Postmodernism as a combinatorial art has brought this algorithmic model. Once the competition in literature was only between people, now we have a new competition, with Artificial Intelligence (AI). As for information, this new machine surpasses even the most encyclopedic postmodern writer. Therefore, it makes no sense to compete with technology in the work of information. We were lucky to be the smartest on the planet. We must now accept that AI is ahead of us, and that, as one of the CEOs said, no child born from now on will be more intelligent than Artificial Intelligence. Kazuo Ishiguro (“Klara and the Sun”, 2021) and Olga Ravn (“The Employees”, 2020) have already successfully thematized this new challenge: humans versus humanoids.

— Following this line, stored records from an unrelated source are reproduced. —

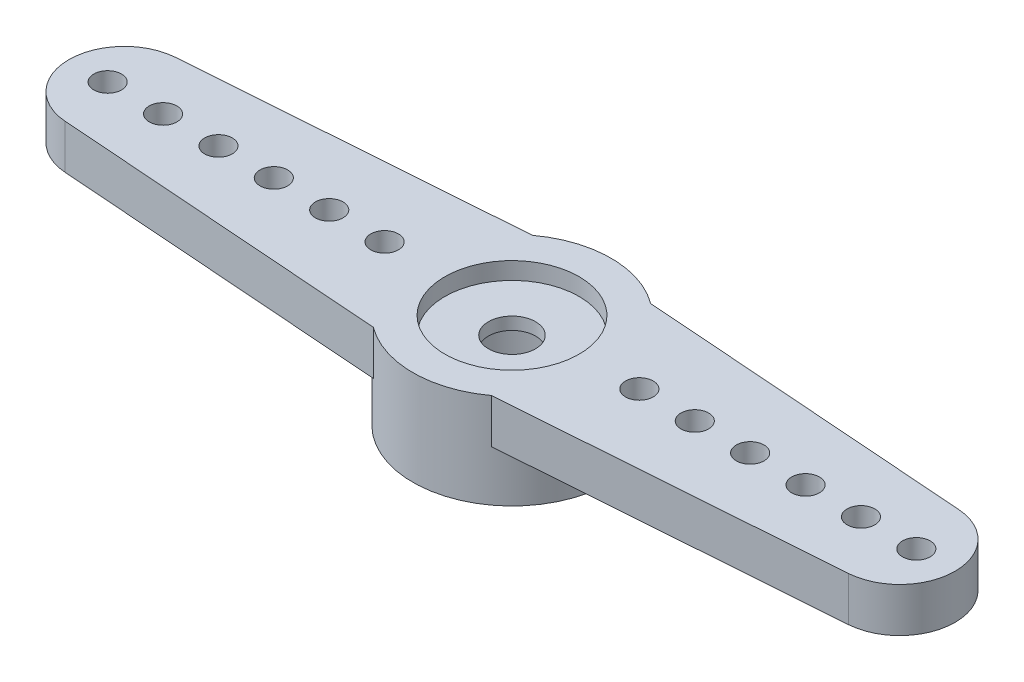
ISO-10303-21;
HEADER;
FILE_DESCRIPTION(('STEP AP214'),'2;1');
FILE_NAME('part.step','',(''),(''),'','','');
FILE_SCHEMA(('AUTOMOTIVE_DESIGN { 1 0 10303 214 1 1 1 1 }'));
ENDSEC;
DATA;
#1=APPLICATION_CONTEXT('core data for automotive mechanical design processes');
#2=APPLICATION_PROTOCOL_DEFINITION('international standard','automotive_design',2000,#1);
#3=PRODUCT_CONTEXT('',#1,'mechanical');
#4=PRODUCT('Part','Part','',(#3));
#5=PRODUCT_RELATED_PRODUCT_CATEGORY('part','',(#4));
#6=PRODUCT_DEFINITION_FORMATION('','',#4);
#7=PRODUCT_DEFINITION_CONTEXT('part definition',#1,'design');
#8=PRODUCT_DEFINITION('design','',#6,#7);
#9=PRODUCT_DEFINITION_SHAPE('','',#8);
#10=(LENGTH_UNIT() NAMED_UNIT(*) SI_UNIT(.MILLI.,.METRE.));
#11=(NAMED_UNIT(*) PLANE_ANGLE_UNIT() SI_UNIT($,.RADIAN.));
#12=(NAMED_UNIT(*) SI_UNIT($,.STERADIAN.) SOLID_ANGLE_UNIT());
#13=UNCERTAINTY_MEASURE_WITH_UNIT(LENGTH_MEASURE(1.E-05),#10,'distance_accuracy_value','');
#14=(GEOMETRIC_REPRESENTATION_CONTEXT(3) GLOBAL_UNCERTAINTY_ASSIGNED_CONTEXT((#13)) GLOBAL_UNIT_ASSIGNED_CONTEXT((#10,
#11,#12)) REPRESENTATION_CONTEXT('',''));
#15=CARTESIAN_POINT('',(0.,0.,0.));
#16=DIRECTION('',(0.,0.,1.));
#17=DIRECTION('',(1.,0.,0.));
#18=AXIS2_PLACEMENT_3D('',#15,#16,#17);
#19=CARTESIAN_POINT('',(5.9,12.67,-5.9));
#20=DIRECTION('',(0.,1.,0.));
#21=DIRECTION('',(0.,0.,1.));
#22=AXIS2_PLACEMENT_3D('',#19,#20,#21);
#23=PLANE('',#22);
#24=CARTESIAN_POINT('',(-2.7,12.67,-5.9));
#25=DIRECTION('',(0.,-1.,0.));
#26=DIRECTION('',(0.,0.,-1.));
#27=AXIS2_PLACEMENT_3D('',#24,#25,#26);
#28=CIRCLE('',#27,0.499999999999988);
#29=CARTESIAN_POINT('',(-2.7,12.67,-6.39999999999999));
#30=VERTEX_POINT('',#29);
#31=EDGE_CURVE('E491',#30,#30,#28,.T.);
#32=ORIENTED_EDGE('',*,*,#31,.F.);
#33=EDGE_LOOP('',(#32));
#34=FACE_BOUND('',#33,.T.);
#35=CARTESIAN_POINT('',(-6.7,12.67,-5.9));
#36=DIRECTION('',(0.,-1.,0.));
#37=DIRECTION('',(0.,0.,-1.));
#38=AXIS2_PLACEMENT_3D('',#35,#36,#37);
#39=CIRCLE('',#38,0.499999999999988);
#40=CARTESIAN_POINT('',(-6.7,12.67,-6.39999999999999));
#41=VERTEX_POINT('',#40);
#42=EDGE_CURVE('E493',#41,#41,#39,.T.);
#43=ORIENTED_EDGE('',*,*,#42,.F.);
#44=EDGE_LOOP('',(#43));
#45=FACE_BOUND('',#44,.T.);
#46=CARTESIAN_POINT('',(-8.7,12.67,-5.9));
#47=DIRECTION('',(0.,-1.,0.));
#48=DIRECTION('',(0.,0.,-1.));
#49=AXIS2_PLACEMENT_3D('',#46,#47,#48);
#50=CIRCLE('',#49,0.499999999999988);
#51=CARTESIAN_POINT('',(-8.7,12.67,-6.39999999999999));
#52=VERTEX_POINT('',#51);
#53=EDGE_CURVE('E499',#52,#52,#50,.T.);
#54=ORIENTED_EDGE('',*,*,#53,.F.);
#55=EDGE_LOOP('',(#54));
#56=FACE_BOUND('',#55,.T.);
#57=CARTESIAN_POINT('',(-0.699999999999997,12.67,-5.9));
#58=DIRECTION('',(0.,-1.,0.));
#59=DIRECTION('',(0.,0.,-1.));
#60=AXIS2_PLACEMENT_3D('',#57,#58,#59);
#61=CIRCLE('',#60,0.499999999999988);
#62=CARTESIAN_POINT('',(-0.699999999999997,12.67,-6.39999999999999));
#63=VERTEX_POINT('',#62);
#64=EDGE_CURVE('E507',#63,#63,#61,.T.);
#65=ORIENTED_EDGE('',*,*,#64,.F.);
#66=EDGE_LOOP('',(#65));
#67=FACE_BOUND('',#66,.T.);
#68=CARTESIAN_POINT('',(1.3,12.67,-5.9));
#69=DIRECTION('',(0.,-1.,0.));
#70=DIRECTION('',(0.,0.,-1.));
#71=AXIS2_PLACEMENT_3D('',#68,#69,#70);
#72=CIRCLE('',#71,0.499999999999988);
#73=CARTESIAN_POINT('',(1.3,12.67,-6.39999999999999));
#74=VERTEX_POINT('',#73);
#75=EDGE_CURVE('E535',#74,#74,#72,.T.);
#76=ORIENTED_EDGE('',*,*,#75,.F.);
#77=EDGE_LOOP('',(#76));
#78=FACE_BOUND('',#77,.T.);
#79=CARTESIAN_POINT('',(5.9,12.67,-5.9));
#80=DIRECTION('',(0.,-1.,0.));
#81=DIRECTION('',(0.,0.,-1.));
#82=AXIS2_PLACEMENT_3D('',#79,#80,#81);
#83=CIRCLE('',#82,3.58);
#84=CARTESIAN_POINT('',(3.76674544416284,12.67,-3.025));
#85=VERTEX_POINT('',#84);
#86=CARTESIAN_POINT('',(3.76674544416284,12.67,-8.775));
#87=VERTEX_POINT('',#86);
#88=EDGE_CURVE('E11',#85,#87,#83,.T.);
#89=ORIENTED_EDGE('',*,*,#88,.F.);
#90=DIRECTION('',(0.997325531387097,0.,0.0730875122264068));
#91=VECTOR('',#90,1.);
#92=CARTESIAN_POINT('',(-8.24617502445281,12.67,-3.90534893722581));
#93=LINE('',#92,#91);
#94=CARTESIAN_POINT('',(-8.24617502445281,12.67,-3.90534893722581));
#95=VERTEX_POINT('',#94);
#96=EDGE_CURVE('E123',#95,#85,#93,.T.);
#97=ORIENTED_EDGE('',*,*,#96,.F.);
#98=CARTESIAN_POINT('',(-8.09999999999999,12.67,-5.9));
#99=DIRECTION('',(0.,1.,0.));
#100=DIRECTION('',(0.,0.,1.));
#101=AXIS2_PLACEMENT_3D('',#98,#99,#100);
#102=CIRCLE('',#101,2.);
#103=CARTESIAN_POINT('',(-8.24617502445281,12.67,-7.8946510627742));
#104=VERTEX_POINT('',#103);
#105=EDGE_CURVE('E120',#104,#95,#102,.T.);
#106=ORIENTED_EDGE('',*,*,#105,.F.);
#107=DIRECTION('',(-0.997325531387097,0.,0.0730875122264058));
#108=VECTOR('',#107,1.);
#109=CARTESIAN_POINT('',(3.76674544416284,12.67,-8.775));
#110=LINE('',#109,#108);
#111=EDGE_CURVE('E111',#87,#104,#110,.T.);
#112=ORIENTED_EDGE('',*,*,#111,.F.);
#113=EDGE_LOOP('',(#89,#97,#106,#112));
#114=FACE_BOUND('',#113,.T.);
#115=CARTESIAN_POINT('',(-4.7,12.67,-5.9));
#116=DIRECTION('',(0.,-1.,0.));
#117=DIRECTION('',(0.,0.,-1.));
#118=AXIS2_PLACEMENT_3D('',#115,#116,#117);
#119=CIRCLE('',#118,0.499999999999988);
#120=CARTESIAN_POINT('',(-4.7,12.67,-6.39999999999999));
#121=VERTEX_POINT('',#120);
#122=EDGE_CURVE('E503',#121,#121,#119,.T.);
#123=ORIENTED_EDGE('',*,*,#122,.F.);
#124=EDGE_LOOP('',(#123));
#125=FACE_BOUND('',#124,.T.);
#126=ADVANCED_FACE('F32',(#34,#45,#56,#67,#78,#114,#125),#23,.F.);
#127=CARTESIAN_POINT('',(10.5,12.67,-5.9));
#128=DIRECTION('',(0.,-1.,0.));
#129=DIRECTION('',(0.,0.,-1.));
#130=AXIS2_PLACEMENT_3D('',#127,#128,#129);
#131=CIRCLE('',#130,0.499999999999988);
#132=CARTESIAN_POINT('',(10.5,12.67,-6.39999999999999));
#133=VERTEX_POINT('',#132);
#134=EDGE_CURVE('E511',#133,#133,#131,.T.);
#135=ORIENTED_EDGE('',*,*,#134,.F.);
#136=EDGE_LOOP('',(#135));
#137=FACE_BOUND('',#136,.T.);
#138=CARTESIAN_POINT('',(14.5,12.67,-5.9));
#139=DIRECTION('',(0.,-1.,0.));
#140=DIRECTION('',(0.,0.,-1.));
#141=AXIS2_PLACEMENT_3D('',#138,#139,#140);
#142=CIRCLE('',#141,0.499999999999988);
#143=CARTESIAN_POINT('',(14.5,12.67,-6.39999999999999));
#144=VERTEX_POINT('',#143);
#145=EDGE_CURVE('E515',#144,#144,#142,.T.);
#146=ORIENTED_EDGE('',*,*,#145,.F.);
#147=EDGE_LOOP('',(#146));
#148=FACE_BOUND('',#147,.T.);
#149=CARTESIAN_POINT('',(18.5,12.67,-5.9));
#150=DIRECTION('',(0.,-1.,0.));
#151=DIRECTION('',(0.,0.,-1.));
#152=AXIS2_PLACEMENT_3D('',#149,#150,#151);
#153=CIRCLE('',#152,0.499999999999987);
#154=CARTESIAN_POINT('',(18.5,12.67,-6.39999999999999));
#155=VERTEX_POINT('',#154);
#156=EDGE_CURVE('E519',#155,#155,#153,.T.);
#157=ORIENTED_EDGE('',*,*,#156,.F.);
#158=EDGE_LOOP('',(#157));
#159=FACE_BOUND('',#158,.T.);
#160=CARTESIAN_POINT('',(20.5,12.67,-5.9));
#161=DIRECTION('',(0.,-1.,0.));
#162=DIRECTION('',(0.,0.,-1.));
#163=AXIS2_PLACEMENT_3D('',#160,#161,#162);
#164=CIRCLE('',#163,0.499999999999987);
#165=CARTESIAN_POINT('',(20.5,12.67,-6.39999999999999));
#166=VERTEX_POINT('',#165);
#167=EDGE_CURVE('E523',#166,#166,#164,.T.);
#168=ORIENTED_EDGE('',*,*,#167,.F.);
#169=EDGE_LOOP('',(#168));
#170=FACE_BOUND('',#169,.T.);
#171=CARTESIAN_POINT('',(16.5,12.67,-5.9));
#172=DIRECTION('',(0.,-1.,0.));
#173=DIRECTION('',(0.,0.,-1.));
#174=AXIS2_PLACEMENT_3D('',#171,#172,#173);
#175=CIRCLE('',#174,0.499999999999987);
#176=CARTESIAN_POINT('',(16.5,12.67,-6.39999999999999));
#177=VERTEX_POINT('',#176);
#178=EDGE_CURVE('E527',#177,#177,#175,.T.);
#179=ORIENTED_EDGE('',*,*,#178,.F.);
#180=EDGE_LOOP('',(#179));
#181=FACE_BOUND('',#180,.T.);
#182=CARTESIAN_POINT('',(12.5,12.67,-5.9));
#183=DIRECTION('',(0.,-1.,0.));
#184=DIRECTION('',(0.,0.,-1.));
#185=AXIS2_PLACEMENT_3D('',#182,#183,#184);
#186=CIRCLE('',#185,0.499999999999988);
#187=CARTESIAN_POINT('',(12.5,12.67,-6.39999999999999));
#188=VERTEX_POINT('',#187);
#189=EDGE_CURVE('E531',#188,#188,#186,.T.);
#190=ORIENTED_EDGE('',*,*,#189,.F.);
#191=EDGE_LOOP('',(#190));
#192=FACE_BOUND('',#191,.T.);
#193=CARTESIAN_POINT('',(8.03325455583716,12.67,-8.775));
#194=VERTEX_POINT('',#193);
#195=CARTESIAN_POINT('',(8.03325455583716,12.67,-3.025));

Let’s not forget that postmodernism was information. Now information has been taken over by technology. We know the challenge that awaits us, but we don’t know how we will face it as writers. In an interview towards the end of his life, Martin Heidegger said that cybernetics will replace philosophy. What artificial intelligence will do to literature is difficult to say today, but let’s ask: Will there be a second death of the author, after what Roland Barthes declared (La mort de l’auteur, 1967)? Will the book be written by AI, or by me? In what way am I better than AI? Since I have invented something that is more intelligent than me, will AI be able to invent something more intelligent than itself?
These will be the questions that will become dominant themes in tomorrow’s literature. So, for everything we ask today, we will receive the answers tomorrow. Meanwhile, since narration is an anthropological necessity, man will walk through the narrative forests of three worlds: the material world, the spiritual world, and the artificial world.
Lecture read at the International Seminar on Albanian Language, Literature and Culture, on August 27, 2025, at the Faculty of Philology, University of Prishtina. Published with permission of the author.